Work instruction
Would you repeat, exactly as given, the line with "#198=ORIENTED_EDGE('',*,*,#182,.F.);" and every line after it to the end of the entries?

Data extract
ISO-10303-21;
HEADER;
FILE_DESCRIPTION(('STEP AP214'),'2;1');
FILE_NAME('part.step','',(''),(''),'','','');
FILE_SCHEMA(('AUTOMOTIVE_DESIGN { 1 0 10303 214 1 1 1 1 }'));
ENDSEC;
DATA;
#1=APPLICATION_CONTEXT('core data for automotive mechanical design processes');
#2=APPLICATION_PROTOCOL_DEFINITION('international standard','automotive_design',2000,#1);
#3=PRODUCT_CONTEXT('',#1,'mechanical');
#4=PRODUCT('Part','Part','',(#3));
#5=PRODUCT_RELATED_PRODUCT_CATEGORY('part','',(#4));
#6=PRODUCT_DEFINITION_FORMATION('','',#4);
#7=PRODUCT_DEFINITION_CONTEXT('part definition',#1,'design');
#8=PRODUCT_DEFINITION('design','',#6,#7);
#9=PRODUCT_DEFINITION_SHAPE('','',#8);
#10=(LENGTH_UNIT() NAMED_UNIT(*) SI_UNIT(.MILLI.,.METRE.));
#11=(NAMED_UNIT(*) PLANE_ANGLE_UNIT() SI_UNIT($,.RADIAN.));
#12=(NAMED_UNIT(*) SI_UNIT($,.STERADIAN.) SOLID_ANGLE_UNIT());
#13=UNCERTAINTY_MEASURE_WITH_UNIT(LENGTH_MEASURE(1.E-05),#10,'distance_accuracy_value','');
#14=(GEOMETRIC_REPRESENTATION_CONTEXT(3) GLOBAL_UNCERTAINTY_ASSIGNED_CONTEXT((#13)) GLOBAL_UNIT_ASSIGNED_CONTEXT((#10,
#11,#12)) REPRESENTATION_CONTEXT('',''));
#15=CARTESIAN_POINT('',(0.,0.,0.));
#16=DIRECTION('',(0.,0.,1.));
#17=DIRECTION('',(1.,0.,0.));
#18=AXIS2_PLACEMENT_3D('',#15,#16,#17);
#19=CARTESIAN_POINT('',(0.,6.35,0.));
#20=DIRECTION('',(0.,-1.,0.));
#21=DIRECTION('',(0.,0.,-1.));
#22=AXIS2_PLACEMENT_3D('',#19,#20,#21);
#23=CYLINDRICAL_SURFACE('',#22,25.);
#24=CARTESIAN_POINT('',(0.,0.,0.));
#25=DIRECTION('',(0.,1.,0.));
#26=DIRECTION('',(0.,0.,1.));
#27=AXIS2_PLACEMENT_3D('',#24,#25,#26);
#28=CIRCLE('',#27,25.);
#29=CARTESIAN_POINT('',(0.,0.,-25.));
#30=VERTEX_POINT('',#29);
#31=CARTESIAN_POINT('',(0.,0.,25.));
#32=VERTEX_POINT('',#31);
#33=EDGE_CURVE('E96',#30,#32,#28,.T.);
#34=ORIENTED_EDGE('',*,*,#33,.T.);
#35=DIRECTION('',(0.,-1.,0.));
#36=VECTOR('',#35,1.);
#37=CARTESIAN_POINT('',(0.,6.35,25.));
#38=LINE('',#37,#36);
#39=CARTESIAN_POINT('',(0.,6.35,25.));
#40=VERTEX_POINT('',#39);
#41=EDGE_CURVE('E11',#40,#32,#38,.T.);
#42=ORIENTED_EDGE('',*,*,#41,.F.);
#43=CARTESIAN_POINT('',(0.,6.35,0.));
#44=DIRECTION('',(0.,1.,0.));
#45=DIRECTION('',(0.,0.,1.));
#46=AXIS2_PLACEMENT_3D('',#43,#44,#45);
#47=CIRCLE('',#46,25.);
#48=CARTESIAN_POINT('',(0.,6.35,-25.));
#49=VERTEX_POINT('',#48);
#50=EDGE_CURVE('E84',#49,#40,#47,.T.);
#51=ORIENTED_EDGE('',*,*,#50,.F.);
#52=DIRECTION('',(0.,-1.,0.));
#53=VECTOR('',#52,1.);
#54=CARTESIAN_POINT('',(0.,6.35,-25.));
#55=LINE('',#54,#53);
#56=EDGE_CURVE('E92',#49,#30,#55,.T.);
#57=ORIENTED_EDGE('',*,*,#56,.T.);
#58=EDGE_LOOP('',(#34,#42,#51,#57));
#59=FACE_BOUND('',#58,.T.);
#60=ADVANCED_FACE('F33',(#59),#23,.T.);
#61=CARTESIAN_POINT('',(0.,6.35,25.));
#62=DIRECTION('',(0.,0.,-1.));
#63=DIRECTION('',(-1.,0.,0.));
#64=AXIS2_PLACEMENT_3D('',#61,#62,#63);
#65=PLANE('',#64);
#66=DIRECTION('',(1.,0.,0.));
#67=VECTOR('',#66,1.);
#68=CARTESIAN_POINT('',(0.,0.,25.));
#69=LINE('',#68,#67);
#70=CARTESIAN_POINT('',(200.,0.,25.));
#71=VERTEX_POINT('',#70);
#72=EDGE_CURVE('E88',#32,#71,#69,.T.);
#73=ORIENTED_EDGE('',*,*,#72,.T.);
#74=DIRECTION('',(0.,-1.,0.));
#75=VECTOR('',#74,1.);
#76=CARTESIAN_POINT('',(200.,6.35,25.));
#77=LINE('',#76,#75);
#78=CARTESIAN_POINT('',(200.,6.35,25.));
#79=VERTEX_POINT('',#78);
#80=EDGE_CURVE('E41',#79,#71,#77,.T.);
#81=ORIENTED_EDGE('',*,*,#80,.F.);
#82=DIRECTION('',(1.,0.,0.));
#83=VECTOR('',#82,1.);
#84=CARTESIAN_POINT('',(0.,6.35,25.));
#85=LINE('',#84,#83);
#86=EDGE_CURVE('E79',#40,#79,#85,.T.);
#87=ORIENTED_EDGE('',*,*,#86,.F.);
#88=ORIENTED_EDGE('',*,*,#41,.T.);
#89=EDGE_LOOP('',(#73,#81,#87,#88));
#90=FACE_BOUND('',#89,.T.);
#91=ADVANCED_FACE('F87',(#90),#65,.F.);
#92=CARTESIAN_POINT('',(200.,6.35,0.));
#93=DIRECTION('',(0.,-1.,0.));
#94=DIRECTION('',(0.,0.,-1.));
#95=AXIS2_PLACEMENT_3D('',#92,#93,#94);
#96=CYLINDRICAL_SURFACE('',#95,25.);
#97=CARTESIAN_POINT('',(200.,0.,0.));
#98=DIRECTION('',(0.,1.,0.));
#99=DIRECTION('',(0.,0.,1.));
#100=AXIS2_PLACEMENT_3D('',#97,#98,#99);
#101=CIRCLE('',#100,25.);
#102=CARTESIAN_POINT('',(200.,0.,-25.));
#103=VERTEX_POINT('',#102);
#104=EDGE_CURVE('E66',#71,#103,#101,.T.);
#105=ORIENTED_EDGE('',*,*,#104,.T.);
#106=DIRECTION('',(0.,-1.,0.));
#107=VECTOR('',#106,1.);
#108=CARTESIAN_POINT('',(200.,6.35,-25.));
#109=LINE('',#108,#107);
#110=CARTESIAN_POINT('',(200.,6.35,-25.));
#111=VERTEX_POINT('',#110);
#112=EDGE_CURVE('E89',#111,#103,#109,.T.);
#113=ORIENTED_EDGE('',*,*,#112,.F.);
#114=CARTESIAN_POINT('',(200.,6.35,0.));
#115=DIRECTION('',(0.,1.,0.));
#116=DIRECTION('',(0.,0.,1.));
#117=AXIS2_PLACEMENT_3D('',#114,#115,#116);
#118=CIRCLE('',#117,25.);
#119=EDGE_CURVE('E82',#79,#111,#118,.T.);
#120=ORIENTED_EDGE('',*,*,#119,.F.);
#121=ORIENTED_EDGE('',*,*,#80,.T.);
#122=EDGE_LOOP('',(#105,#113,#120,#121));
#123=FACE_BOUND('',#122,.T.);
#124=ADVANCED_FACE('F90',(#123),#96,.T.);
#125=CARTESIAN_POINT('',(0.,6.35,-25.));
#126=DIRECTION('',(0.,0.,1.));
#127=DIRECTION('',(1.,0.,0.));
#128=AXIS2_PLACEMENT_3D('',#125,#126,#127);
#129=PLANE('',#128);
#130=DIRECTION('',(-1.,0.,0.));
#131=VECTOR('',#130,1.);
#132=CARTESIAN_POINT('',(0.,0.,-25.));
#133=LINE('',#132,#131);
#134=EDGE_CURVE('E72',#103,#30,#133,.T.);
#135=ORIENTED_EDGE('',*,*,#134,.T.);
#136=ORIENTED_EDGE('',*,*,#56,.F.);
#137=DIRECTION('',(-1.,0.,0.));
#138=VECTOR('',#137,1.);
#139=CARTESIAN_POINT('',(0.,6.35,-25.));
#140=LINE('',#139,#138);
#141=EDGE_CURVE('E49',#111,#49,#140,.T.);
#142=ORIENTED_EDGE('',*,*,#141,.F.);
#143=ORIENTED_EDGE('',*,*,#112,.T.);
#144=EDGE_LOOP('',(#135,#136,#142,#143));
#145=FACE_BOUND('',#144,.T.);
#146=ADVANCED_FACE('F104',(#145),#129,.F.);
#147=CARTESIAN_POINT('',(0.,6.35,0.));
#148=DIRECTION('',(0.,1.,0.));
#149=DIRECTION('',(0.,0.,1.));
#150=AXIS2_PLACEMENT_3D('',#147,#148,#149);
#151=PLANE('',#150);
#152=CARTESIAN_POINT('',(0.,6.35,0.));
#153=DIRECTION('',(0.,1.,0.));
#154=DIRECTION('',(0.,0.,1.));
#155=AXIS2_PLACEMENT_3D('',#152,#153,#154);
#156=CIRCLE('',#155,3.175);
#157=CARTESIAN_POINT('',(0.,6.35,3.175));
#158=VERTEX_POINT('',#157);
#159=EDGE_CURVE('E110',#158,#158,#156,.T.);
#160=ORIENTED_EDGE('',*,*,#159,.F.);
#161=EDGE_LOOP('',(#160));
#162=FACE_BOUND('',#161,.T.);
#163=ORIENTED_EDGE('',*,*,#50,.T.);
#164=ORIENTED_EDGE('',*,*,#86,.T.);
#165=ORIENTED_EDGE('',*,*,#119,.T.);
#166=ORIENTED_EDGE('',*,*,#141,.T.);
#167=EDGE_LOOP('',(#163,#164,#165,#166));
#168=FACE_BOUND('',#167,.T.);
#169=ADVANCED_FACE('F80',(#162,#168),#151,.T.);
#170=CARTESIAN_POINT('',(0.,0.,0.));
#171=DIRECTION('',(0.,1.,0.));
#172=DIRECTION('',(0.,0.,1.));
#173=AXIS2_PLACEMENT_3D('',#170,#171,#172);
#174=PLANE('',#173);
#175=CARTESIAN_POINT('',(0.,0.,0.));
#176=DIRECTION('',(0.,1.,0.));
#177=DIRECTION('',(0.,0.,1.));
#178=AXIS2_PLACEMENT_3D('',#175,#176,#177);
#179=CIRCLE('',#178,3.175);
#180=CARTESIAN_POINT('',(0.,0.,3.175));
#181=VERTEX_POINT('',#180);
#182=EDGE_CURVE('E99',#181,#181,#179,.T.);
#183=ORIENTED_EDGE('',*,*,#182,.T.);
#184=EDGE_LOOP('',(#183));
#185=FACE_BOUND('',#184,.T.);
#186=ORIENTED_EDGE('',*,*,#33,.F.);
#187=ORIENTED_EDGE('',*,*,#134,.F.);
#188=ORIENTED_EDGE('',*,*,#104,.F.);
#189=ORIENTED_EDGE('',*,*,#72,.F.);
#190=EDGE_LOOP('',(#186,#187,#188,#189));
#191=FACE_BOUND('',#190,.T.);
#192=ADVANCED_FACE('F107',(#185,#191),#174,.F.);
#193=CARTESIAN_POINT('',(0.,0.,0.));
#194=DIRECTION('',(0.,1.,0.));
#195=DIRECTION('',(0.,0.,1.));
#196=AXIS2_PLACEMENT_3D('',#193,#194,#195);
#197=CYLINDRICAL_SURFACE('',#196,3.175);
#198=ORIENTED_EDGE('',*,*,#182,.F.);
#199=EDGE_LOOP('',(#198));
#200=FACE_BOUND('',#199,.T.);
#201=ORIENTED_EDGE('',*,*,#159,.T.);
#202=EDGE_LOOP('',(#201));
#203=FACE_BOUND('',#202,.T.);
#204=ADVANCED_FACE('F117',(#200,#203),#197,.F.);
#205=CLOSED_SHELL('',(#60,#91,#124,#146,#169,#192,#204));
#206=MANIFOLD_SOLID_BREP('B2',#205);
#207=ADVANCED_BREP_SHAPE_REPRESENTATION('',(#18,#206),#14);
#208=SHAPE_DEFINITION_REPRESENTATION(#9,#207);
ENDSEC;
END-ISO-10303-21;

Exercise response
#198=ORIENTED_EDGE('',*,*,#182,.F.);
#199=EDGE_LOOP('',(#198));
#200=FACE_BOUND('',#199,.T.);
#201=ORIENTED_EDGE('',*,*,#159,.T.);
#202=EDGE_LOOP('',(#201));
#203=FACE_BOUND('',#202,.T.);
#204=ADVANCED_FACE('F117',(#200,#203),#197,.F.);
#205=CLOSED_SHELL('',(#60,#91,#124,#146,#169,#192,#204));
#206=MANIFOLD_SOLID_BREP('B2',#205);
#207=ADVANCED_BREP_SHAPE_REPRESENTATION('',(#18,#206),#14);
#208=SHAPE_DEFINITION_REPRESENTATION(#9,#207);
ENDSEC;
END-ISO-10303-21;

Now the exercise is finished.